Clutching the comb in his palm, he glanced down at his desk, slapped a book shut, and frowned up at her. “You’re early.”
“I had to move up another meeting.” She smiled and took a seat across from him, pretending not to stare at the Tom Clancy hardcover he had under his elbows. Nice to know somebody had a little extra time. “I got your message.” First the Target call, then her dad, now Richard. Bad day to use the telephone.
“You need to make a decision today,” he said. “Payroll’s next Friday.”
She looked into his droopy face. At first she had felt sorry for him getting fired and rehired and having so little respect among
the other management, if Liam was any judge. But now she knew better. “I’m not going to lay off two dozen people just because you say so.”
He frowned down at his desk “You got rid of everyone else who knew anything.”

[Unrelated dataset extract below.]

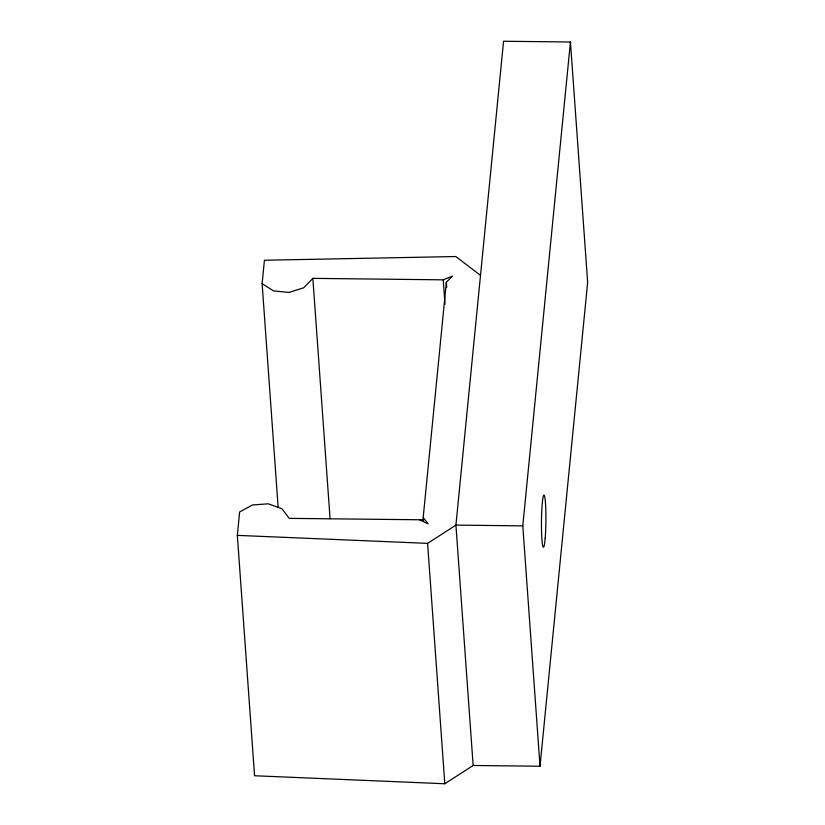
<?xml version="1.0" encoding="UTF-8"?>
<svg xmlns="http://www.w3.org/2000/svg" width="825" height="825" viewBox="0 0 825 825"><rect width="100%" height="100%" fill="white"/><g stroke="black" fill="none" stroke-linecap="round" stroke-linejoin="round"><path stroke-width="1.24" d="M473.148 765.487L455.926 525.102L503.559 41.25L570.436 42.003L587.658 282.387L540.024 766.229L473.148 765.487L444.809 783.75L254.564 775.748L237.342 535.373L239.642 511.954L252.45 504.983L268.259 503.807L281.995 508.808L289.224 518.368L423.411 519.802M278.149 507.334L262.123 283.656L264.423 260.246L455.823 256.534L480.511 275.395M423.472 521.39L423.194 517.533L446.366 282.212L452.533 276.045L443.252 279.84L312.85 278.365L303.755 287.75L289.07 292.432L273.529 290.905L262.123 283.656M540.024 766.229L522.792 525.855L570.436 42.003M237.342 535.373L427.587 543.366L455.926 525.102L522.792 525.855M419.616 519.832L428.144 523.834L423.194 517.533M446.366 282.212L446.727 287.358M443.252 279.84L445.005 304.26M427.587 543.366L444.809 783.75M312.85 278.365L330.082 518.75M545.191 538.127A26.008 2.207 -89.4 0 0 544.397 495.629A26.008 2.207 -89.4 0 0 541.52 529.815A26.008 2.207 -89.4 0 0 545.191 538.127"/></g></svg>

“I didn’t get rid of anyone.”
“Ellen would disagree.”
“You don’t work for her anymore.” She looked down at the stack of spreadsheets in her lap, flipped through them until she found the worst one. “I have a question about some of your numbers.”
His eyes darted up to her face. He didn’t take the paper she held out to him. “Oh?”
“In fact, I have a question about one number in particular. One kind of big number. From June.”
Richard’s lower lip, shiny with spit, began to quiver. He closed his eyes. “I shouldn’t have come back.”
His confession wasn’t as heartfelt as she’d wanted, but it would do. “You could have told me,” she said. “I know how . . . forceful . . . my aunt can be.”
“It was my idea,” he said. “All these years, and then he left it to a stranger. It just didn’t seem right.”
“She wasn't the owner. You had no authority.”
“One little bonus. She would pay you off, then come back. Full circle. I saw it as a Fite-related business expense.” He pinched the bridge of his nose. “But then you didn’t take it, and, well . . . ”
“She fired you. That must have been a shock.”
“And she kept the money. Your grandfather had already taken out quite a bit of cash earlier this year.” He dropped his head into his hands. “Fite just doesn’t have the legs to pull through.”
Bev took out another stack of spreadsheets, barely controlling the urge to shake him. “It might if you stop paying executives who don’t work here anymore. Can you give me one good reason why you keep sending checks—very large checks—to Ellen’s home address?”
“It’s her salary.”
“She quit!”
He glanced away. “Nobody filled out the paperwork.”
Inside her, Bev felt the last strands of patience snap. She slammed her hands on the desk and leaned over it into Richard’s face. “Drop the bullshit, Richard. I’m your boss. Me. Not her.”